(Beginning of TASK DATA)

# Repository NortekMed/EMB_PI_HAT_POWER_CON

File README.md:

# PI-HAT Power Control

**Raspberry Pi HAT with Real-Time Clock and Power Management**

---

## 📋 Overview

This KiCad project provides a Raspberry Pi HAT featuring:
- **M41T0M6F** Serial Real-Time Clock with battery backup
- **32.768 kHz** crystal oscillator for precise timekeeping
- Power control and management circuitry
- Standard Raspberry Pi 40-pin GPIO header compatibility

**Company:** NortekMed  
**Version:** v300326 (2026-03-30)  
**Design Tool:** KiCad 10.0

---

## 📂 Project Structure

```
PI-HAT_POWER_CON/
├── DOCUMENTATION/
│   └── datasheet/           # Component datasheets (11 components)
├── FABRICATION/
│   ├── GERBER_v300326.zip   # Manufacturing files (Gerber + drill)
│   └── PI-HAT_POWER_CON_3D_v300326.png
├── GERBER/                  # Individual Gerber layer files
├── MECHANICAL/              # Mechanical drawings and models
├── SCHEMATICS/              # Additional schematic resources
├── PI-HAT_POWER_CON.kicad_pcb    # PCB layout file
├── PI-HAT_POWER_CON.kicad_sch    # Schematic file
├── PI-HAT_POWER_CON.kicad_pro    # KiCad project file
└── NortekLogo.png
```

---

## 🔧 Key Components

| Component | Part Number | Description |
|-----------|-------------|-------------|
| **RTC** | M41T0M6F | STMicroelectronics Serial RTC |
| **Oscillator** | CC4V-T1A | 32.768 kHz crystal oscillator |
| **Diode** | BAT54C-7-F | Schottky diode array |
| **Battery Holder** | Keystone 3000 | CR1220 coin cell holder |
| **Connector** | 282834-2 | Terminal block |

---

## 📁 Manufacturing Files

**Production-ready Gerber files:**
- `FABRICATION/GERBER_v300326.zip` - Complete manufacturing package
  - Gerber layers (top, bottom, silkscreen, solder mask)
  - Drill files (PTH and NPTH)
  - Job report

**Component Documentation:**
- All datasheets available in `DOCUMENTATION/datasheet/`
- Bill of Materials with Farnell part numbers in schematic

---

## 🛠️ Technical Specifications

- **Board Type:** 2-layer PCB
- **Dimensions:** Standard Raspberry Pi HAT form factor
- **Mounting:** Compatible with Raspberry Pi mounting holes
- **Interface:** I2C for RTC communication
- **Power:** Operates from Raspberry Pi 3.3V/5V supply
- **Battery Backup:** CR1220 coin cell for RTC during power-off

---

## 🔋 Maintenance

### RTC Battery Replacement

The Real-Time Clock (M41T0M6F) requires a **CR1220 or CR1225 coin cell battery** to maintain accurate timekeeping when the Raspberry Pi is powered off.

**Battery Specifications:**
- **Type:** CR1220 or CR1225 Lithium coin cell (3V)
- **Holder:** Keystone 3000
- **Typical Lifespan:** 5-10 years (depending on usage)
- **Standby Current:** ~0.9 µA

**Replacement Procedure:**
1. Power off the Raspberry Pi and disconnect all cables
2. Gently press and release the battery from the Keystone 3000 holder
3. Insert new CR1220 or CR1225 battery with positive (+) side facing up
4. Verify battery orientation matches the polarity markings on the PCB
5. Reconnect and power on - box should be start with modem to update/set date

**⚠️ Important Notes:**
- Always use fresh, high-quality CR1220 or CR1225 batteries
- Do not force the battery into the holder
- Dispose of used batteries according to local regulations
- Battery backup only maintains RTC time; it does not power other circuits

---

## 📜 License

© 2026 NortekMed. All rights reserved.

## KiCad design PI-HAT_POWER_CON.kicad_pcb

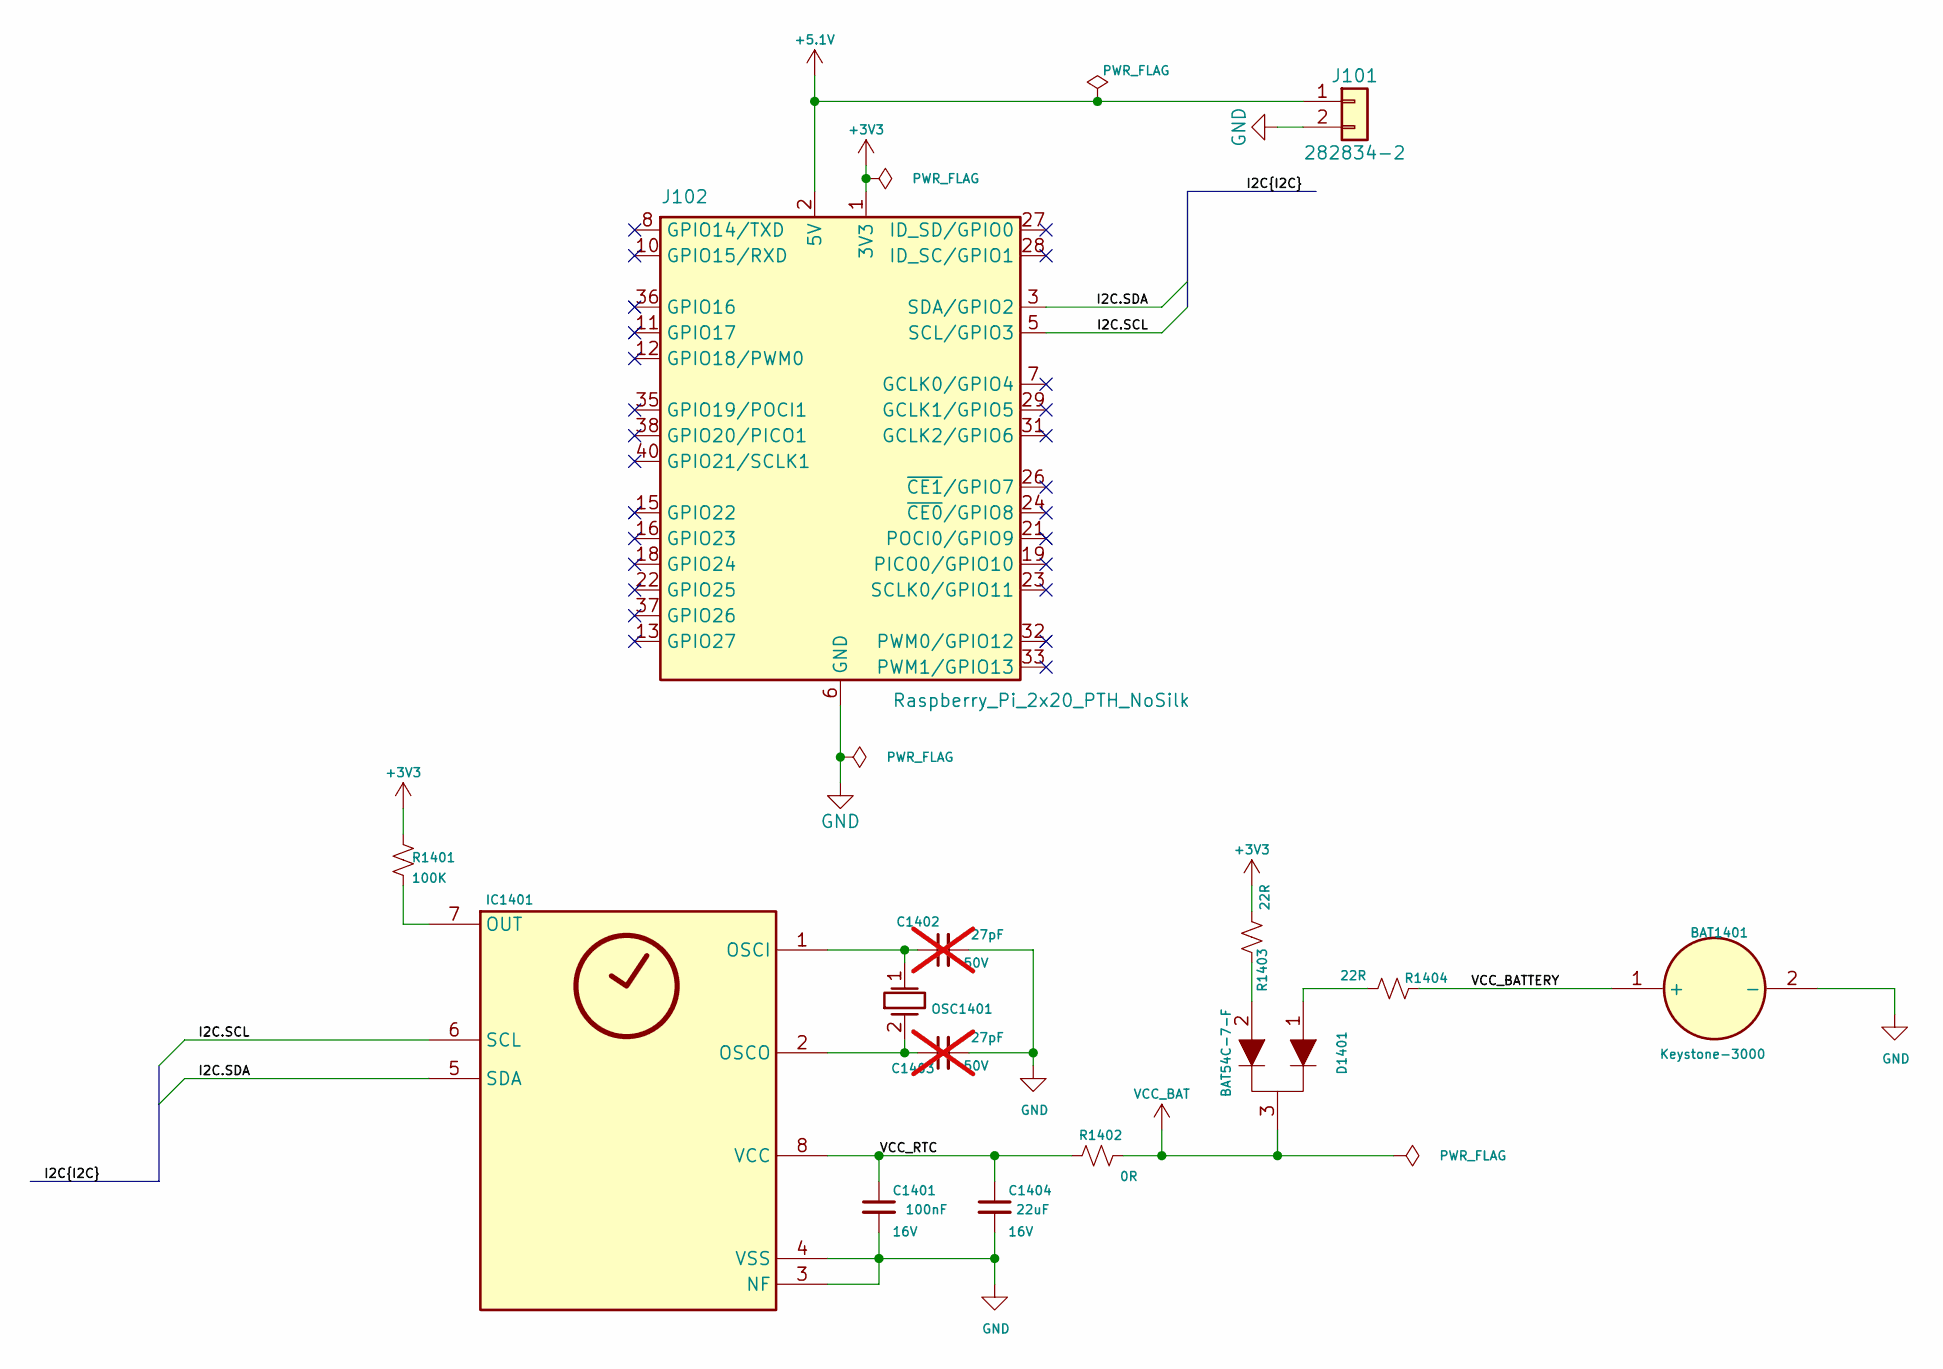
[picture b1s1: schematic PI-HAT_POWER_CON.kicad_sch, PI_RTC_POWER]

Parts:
BAT1401: Keystone-3000; T_Keystone_3000; mfr # 3000
C1401: 100nF; C_0603_1608Metric; TOLERANCE 10%; RATING 16V; mfr # VJ0603Y104KXJAT
C1402, C1403: 27pF; C_0603_1608Metric; TOLERANCE 5%; RATING 50V; mfr # *; not fitted
C1404: 22uF; C_1210_3225Metric; TOLERANCE 10%; RATING 16V; mfr # C1210C226K4PACTU
D1401: BAT54C-7-F; SOT-23-3; mfr # BAT54-7-F
IC1401: M41T0M6; SOIC-8_3.9x4.9mm_P1.27mm; mfr # M41T0M6
J101: 282834-2; TE_282834-2; mfr # 282834-2
J102: Raspberry_Pi_2x20_PTH_NoSilk; Raspberry_Pi_HAT_CON
OSC1401: CC4V-T1A; T_MC_CC4V-T1A; TOLERANCE 30ppm; mfr # CC4V-T1A
R1401: 100K; R_0603_1608Metric; RATING 63mW; TOLERANCE 5%; mfr # CRGS0603J100K
R1402: 0R; R_0603_1608Metric; RATING 100mW; TOLERANCE 1%; mfr # MCMR06X000 PTL
R1403, R1404: 22R; R_0603_1608Metric; RATING 100mW; TOLERANCE 5%; mfr # CRCW060322R0JNEA

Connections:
+3V3: J102.1 (3V3), J102.17 (3V3), R1401.1, R1403.2
+5.1V: J101.1, J102.2 (5V), J102.4 (5V)
/I2C.SCL: IC1401.6 (SCL), J102.5 (SCL/GPIO3)
/I2C.SDA: IC1401.5 (SDA), J102.3 (SDA/GPIO2)
/VCC_BATTERY: BAT1401.1 (+), R1404.1
/VCC_RTC: C1401.1, C1404.1, IC1401.8 (VCC), R1402.1
GND: BAT1401.2 (-), C1401.2, C1402.2, C1403.2, C1404.2, IC1401.3 (NF), IC1401.4 (VSS), J101.2, J102.6 (GND), J102.9 (GND), J102.14 (GND), J102.20 (GND), J102.25 (GND), J102.30 (GND), J102.34 (GND), J102.39 (GND)
unnamed: D1401.1, R1404.2
unnamed: D1401.2, R1403.1
unnamed: C1402.1, IC1401.1 (OSCI), OSC1401.1 (OSC1)
unnamed: C1403.1, IC1401.2 (OSCO), OSC1401.2 (OSC2)
unnamed: IC1401.7 (OUT), R1401.2
VCC_BAT: D1401.3, R1402.2

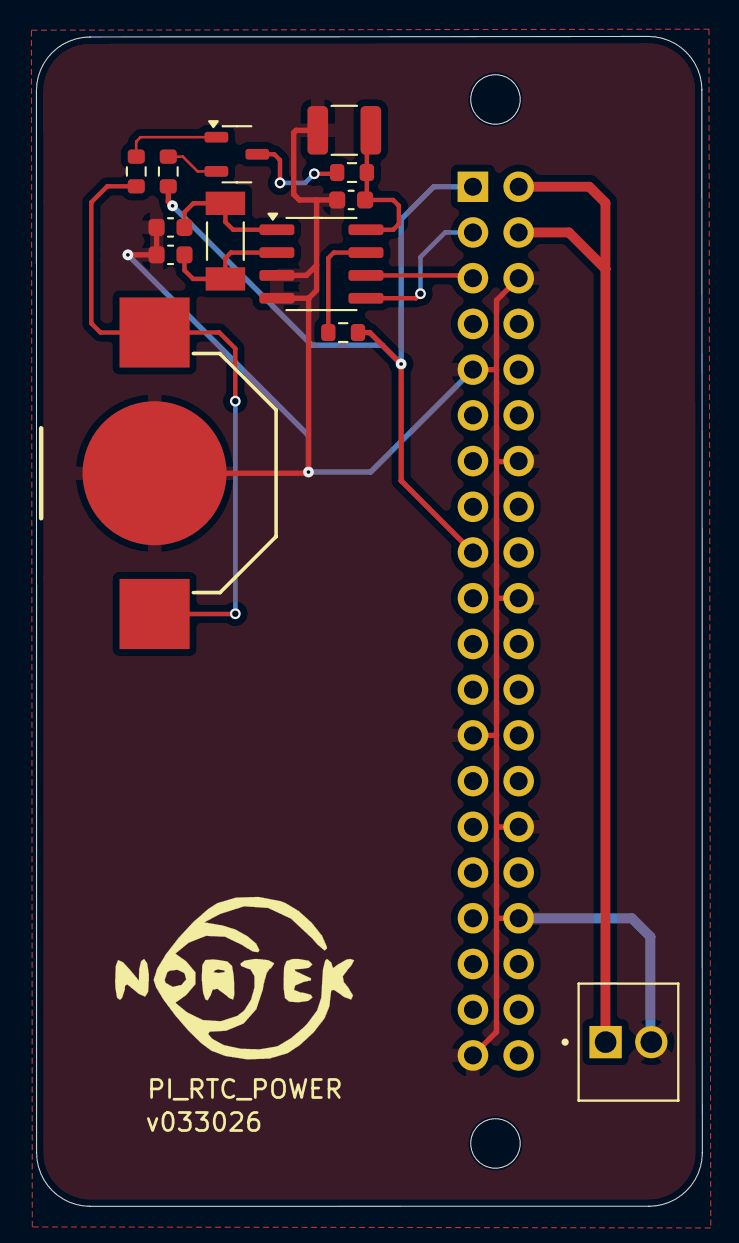
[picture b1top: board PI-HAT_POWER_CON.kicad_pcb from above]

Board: 2 copper layers, 37.0 x 65.0 mm, 14 parts (0 on the bottom side), 13 nets.

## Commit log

2026-03-27 Initial commit: add KiCad project and essential files, omitting generated and ignored files
2026-03-27 Add M41T0M6 RTC component to project schematic, PCB, and project settings
2026-03-28 Add persistent segmented project memory for chat summary and future recall
2026-03-28 Route PCB: Complete all nets, DRC clear, power and RTC connectivity verified
2026-03-30 Update README with project documentation and add 3D render v300326
    - Replace template README with comprehensive project documentation
    - Add maintenance section with RTC battery replacement procedure (CR1220/CR1225)
    - Include 3D isometric render of PCB (1176x872px, high quality)
    - Document key components, manufacturing files, and technical specifications
    - Reference GERBER_v300326.zip and component datasheets
    - Add project structure and NortekMed branding
2026-03-30 prepare for v300326 production
2026-04-02 remove ignoring FABRICATION

(End of TASK DATA)

▶ WORK INSTRUCTIONS: Would you show each line of the listing above that has the string "README"?

▶ WRITTEN REPLY:
File README.md:
2026-03-30 Update README with project documentation and add 3D render v300326
    - Replace template README with comprehensive project documentation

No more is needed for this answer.